Mais alors, si l'évidence du plaisir ne se manifeste pas plus clairement, que devient la question du consentement, et quel sens prendrait-il s'il n'était pas lié à l'évidence de la sensation d'un plaisir ? Quand pourrait-il être donné et sur quelles bases ? Courageuse, l'auteure ne s'exonère pas d'aborder le sujet, et mentionne, quelle que soit la motivation du consentement, des thèses évoquées ici et là sur l'importance de sa franche affirmation – ce qui est nommé le « consentement enthousiaste » – plutôt que de sa mention par défaut (j'ai dit oui puisque je n'ai pas dit non). Cela pourrait, selon l'auteure, contribuer à améliorer la concordance entre le plaisir ressenti et le plaisir exprimé, en permettant une meilleure conscientisation de ce qui fait plaisir et de ce qui ne fait pas plaisir.
Reste que le rapport sexuel ne serait en rien amené nécessairement à provoquer un orgasme (ou plusieurs), puisque le plaisir peut naître d'une sensation de bien-être et de satisfaction générale que différentes méthodes seraient susceptibles de rendre plus accessibles : les solutions sont diverses : méditation tantrique, méditation « orgasmique », la « pleine conscience », etc.
Ce résumé est bien sérieux au regard de ce petit livre facétieux et terriblement bien écrit qui, à défaut d'avoir provoqué un orgasme, m'aura donné d'innombrables éclats de rires (la séance de groupe initiale, les « aventures » de Vanessa, l'expérience au festival « Burning Man », rien de tel pour dédramatiser…).
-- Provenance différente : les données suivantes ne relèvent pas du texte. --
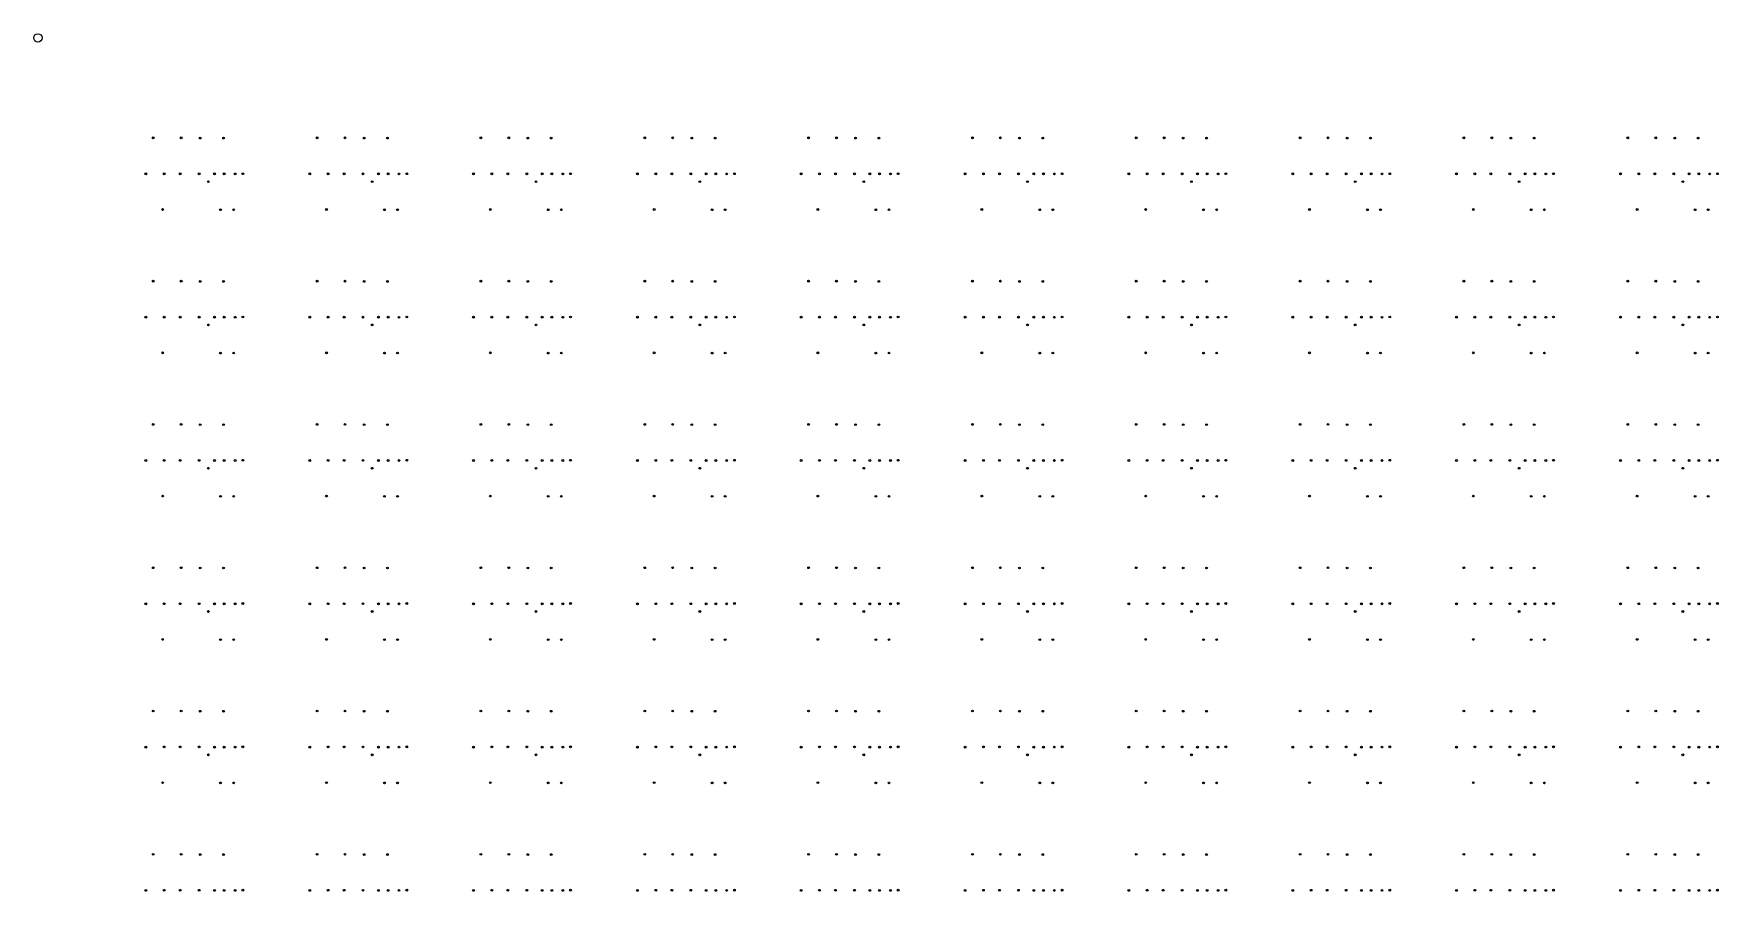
# Model space of a CAD drawing. Extents: x 50 to 173, y 50 to 173.
# Drawn here: x 49.9 to 110, y 141.9 to 172.6 of the extents above; entities that cross this region are included whole.
import ezdxf

# ---------------------------------------------------------------- set-up
doc = ezdxf.new("R2010")
doc.units = 0

msp = doc.modelspace()

# ---------------------------------------------------------------- linework, layer by layer
at = {"layer": '4H'}
msp.add_circle((50, 172.4), 0.15, dxfattribs=at)
at = {"layer": 'PET'}
for centre in [(54.121, 168.827), (55.12, 168.827), (55.801, 168.818), (56.634, 168.818), (59.975, 168.827), (60.974, 168.827), (61.654, 168.818), (62.487, 168.818), (65.829, 168.827), (66.827, 168.827), (67.508, 168.818), (68.341, 168.818), (71.682, 168.827), (72.681, 168.827), (73.362, 168.818), (74.195, 168.818), (77.536, 168.827), (78.535, 168.827), (79.215, 168.818), (80.048, 168.818), (83.39, 168.827), (84.388, 168.827), (85.069, 168.818), (85.902, 168.818), (89.243, 168.827), (90.242, 168.827), (90.923, 168.818), (91.756, 168.818), (95.097, 168.827), (96.095, 168.827), (96.776, 168.818), (97.609, 168.818), (100.951, 168.827), (101.949, 168.827), (102.63, 168.818), (103.463, 168.818), (106.804, 168.827), (107.803, 168.827), (108.484, 168.818), (109.317, 168.818), (53.857, 167.538), (54.513, 167.541), (55.086, 167.541), (55.763, 167.541), (56.311, 167.538), (56.658, 167.538), (57.049, 167.537), (57.323, 167.545), (59.711, 167.538), (60.366, 167.541), (60.94, 167.541), (61.616, 167.541), (62.164, 167.538), (62.512, 167.538), (62.903, 167.537), (63.177, 167.545), (65.564, 167.538), (66.22, 167.541), (66.793, 167.541), (67.47, 167.541), (68.018, 167.538), (68.366, 167.538), (68.756, 167.537), (69.031, 167.545), (71.418, 167.538), (72.074, 167.541), (72.647, 167.541), (73.324, 167.541), (73.872, 167.538), (74.219, 167.538), (74.61, 167.537), (74.884, 167.545), (77.272, 167.538), (77.927, 167.541), (78.5, 167.541), (79.177, 167.541), (79.725, 167.538), (80.073, 167.538), (80.464, 167.537), (80.738, 167.545), (83.125, 167.538), (83.781, 167.541), (84.354, 167.541), (85.031, 167.541), (85.579, 167.538), (85.927, 167.538), (86.317, 167.537), (86.592, 167.545), (88.979, 167.538), (89.635, 167.541), (90.208, 167.541), (90.885, 167.541), (91.433, 167.538), (91.78, 167.538), (92.171, 167.537), (92.445, 167.545), (94.833, 167.538), (95.488, 167.541), (96.061, 167.541), (96.738, 167.541), (97.286, 167.538), (97.634, 167.538), (98.025, 167.537), (98.299, 167.545), (100.686, 167.538), (101.342, 167.541), (101.915, 167.541), (102.592, 167.541), (103.14, 167.538), (103.488, 167.538), (103.878, 167.537), (104.153, 167.545), (106.54, 167.538), (107.196, 167.541), (107.769, 167.541), (108.446, 167.541), (108.994, 167.538), (109.341, 167.538), (109.732, 167.537), (110.006, 167.545), (56.091, 167.26), (61.945, 167.26), (67.798, 167.26), (73.652, 167.26), (79.506, 167.26), (85.359, 167.26), (91.213, 167.26), (97.067, 167.26), (102.92, 167.26), (108.774, 167.26), (54.457, 166.265), (56.526, 166.256), (56.995, 166.257), (60.31, 166.265), (62.38, 166.256), (62.849, 166.257), (66.164, 166.265), (68.234, 166.256), (68.703, 166.257), (72.018, 166.265), (74.087, 166.256), (74.556, 166.257), (77.871, 166.265), (79.941, 166.256), (80.41, 166.257), (83.725, 166.265), (85.795, 166.256), (86.264, 166.257), (89.579, 166.265), (91.648, 166.256), (92.117, 166.257), (95.432, 166.265), (97.502, 166.256), (97.971, 166.257), (101.286, 166.265), (103.356, 166.256), (103.825, 166.257), (107.14, 166.265), (109.209, 166.256), (109.678, 166.257), (54.121, 163.705), (55.12, 163.705), (55.801, 163.696), (56.634, 163.696), (59.975, 163.705), (60.974, 163.705), (61.654, 163.696), (62.487, 163.696), (65.829, 163.705), (66.827, 163.705), (67.508, 163.696), (68.341, 163.696), (71.682, 163.705), (72.681, 163.705), (73.362, 163.696), (74.195, 163.696), (77.536, 163.705), (78.535, 163.705), (79.215, 163.696), (80.048, 163.696), (83.39, 163.705), (84.388, 163.705), (85.069, 163.696), (85.902, 163.696), (89.243, 163.705), (90.242, 163.705), (90.923, 163.696), (91.756, 163.696), (95.097, 163.705), (96.095, 163.705), (96.776, 163.696), (97.609, 163.696), (100.951, 163.705), (101.949, 163.705), (102.63, 163.696), (103.463, 163.696), (106.804, 163.705), (107.803, 163.705), (108.484, 163.696), (109.317, 163.696), (53.857, 162.416), (54.513, 162.42), (55.086, 162.42), (55.763, 162.42), (56.091, 162.139), (56.311, 162.416), (56.658, 162.416), (57.049, 162.415), (57.323, 162.423), (59.711, 162.416), (60.366, 162.42), (60.94, 162.42), (61.616, 162.42), (61.945, 162.139), (62.164, 162.416), (62.512, 162.416), (62.903, 162.415), (63.177, 162.423), (65.564, 162.416), (66.22, 162.42), (66.793, 162.42), (67.47, 162.42), (67.798, 162.139), (68.018, 162.416), (68.366, 162.416), (68.756, 162.415), (69.031, 162.423), (71.418, 162.416), (72.074, 162.42), (72.647, 162.42), (73.324, 162.42), (73.652, 162.139), (73.872, 162.416), (74.219, 162.416), (74.61, 162.415), (74.884, 162.423), (77.272, 162.416), (77.927, 162.42), (78.5, 162.42), (79.177, 162.42), (79.506, 162.139), (79.725, 162.416), (80.073, 162.416), (80.464, 162.415), (80.738, 162.423), (83.125, 162.416), (83.781, 162.42), (84.354, 162.42), (85.031, 162.42), (85.359, 162.139), (85.579, 162.416), (85.927, 162.416), (86.317, 162.415), (86.592, 162.423), (88.979, 162.416), (89.635, 162.42), (90.208, 162.42), (90.885, 162.42), (91.213, 162.139), (91.433, 162.416), (91.78, 162.416), (92.171, 162.415), (92.445, 162.423), (94.833, 162.416), (95.488, 162.42), (96.061, 162.42), (96.738, 162.42), (97.067, 162.139), (97.286, 162.416), (97.634, 162.416), (98.025, 162.415), (98.299, 162.423), (100.686, 162.416), (101.342, 162.42), (101.915, 162.42), (102.592, 162.42), (102.92, 162.139), (103.14, 162.416), (103.488, 162.416), (103.878, 162.415), (104.153, 162.423), (106.54, 162.416), (107.196, 162.42), (107.769, 162.42), (108.446, 162.42), (108.774, 162.139), (108.994, 162.416), (109.341, 162.416), (109.732, 162.415), (110.006, 162.423), (54.457, 161.143), (56.526, 161.134), (56.995, 161.135), (60.31, 161.143), (62.38, 161.134), (62.849, 161.135), (66.164, 161.143), (68.234, 161.134), (68.703, 161.135), (72.018, 161.143), (74.087, 161.134), (74.556, 161.135), (77.871, 161.143), (79.941, 161.134), (80.41, 161.135), (83.725, 161.143), (85.795, 161.134), (86.264, 161.135), (89.579, 161.143), (91.648, 161.134), (92.117, 161.135), (95.432, 161.143), (97.502, 161.134), (97.971, 161.135), (101.286, 161.143), (103.356, 161.134), (103.825, 161.135), (107.14, 161.143), (109.209, 161.134), (109.678, 161.135), (54.121, 158.583), (55.12, 158.583), (55.801, 158.574), (56.634, 158.574), (59.975, 158.583), (60.974, 158.583), (61.654, 158.574), (62.487, 158.574), (65.829, 158.583), (66.827, 158.583), (67.508, 158.574), (68.341, 158.574), (71.682, 158.583), (72.681, 158.583), (73.362, 158.574), (74.195, 158.574), (77.536, 158.583), (78.535, 158.583), (79.215, 158.574), (80.048, 158.574), (83.39, 158.583), (84.388, 158.583), (85.069, 158.574), (85.902, 158.574), (89.243, 158.583), (90.242, 158.583), (90.923, 158.574), (91.756, 158.574), (95.097, 158.583), (96.095, 158.583), (96.776, 158.574), (97.609, 158.574), (100.951, 158.583), (101.949, 158.583), (102.63, 158.574), (103.463, 158.574), (106.804, 158.583), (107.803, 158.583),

Une question cependant : pourquoi Dieu – celui qu'on veut - ou la nature - a-t-il donc placé le clitoris en dehors – et si loin – du vagin ; et n'aurait-il pas simplifié les choses en le mettant dedans (comme a voulu le faire
Marie Bonaparte, p. 59, mais c'était une mauvaise idée) ? En attendant que cela change, « luxe, calme et volupté » : j'ai très envie de lire d'autres ouvrages de cette auteure, qui, décidément, apprend à ne pas passer à côté de l'essentiel.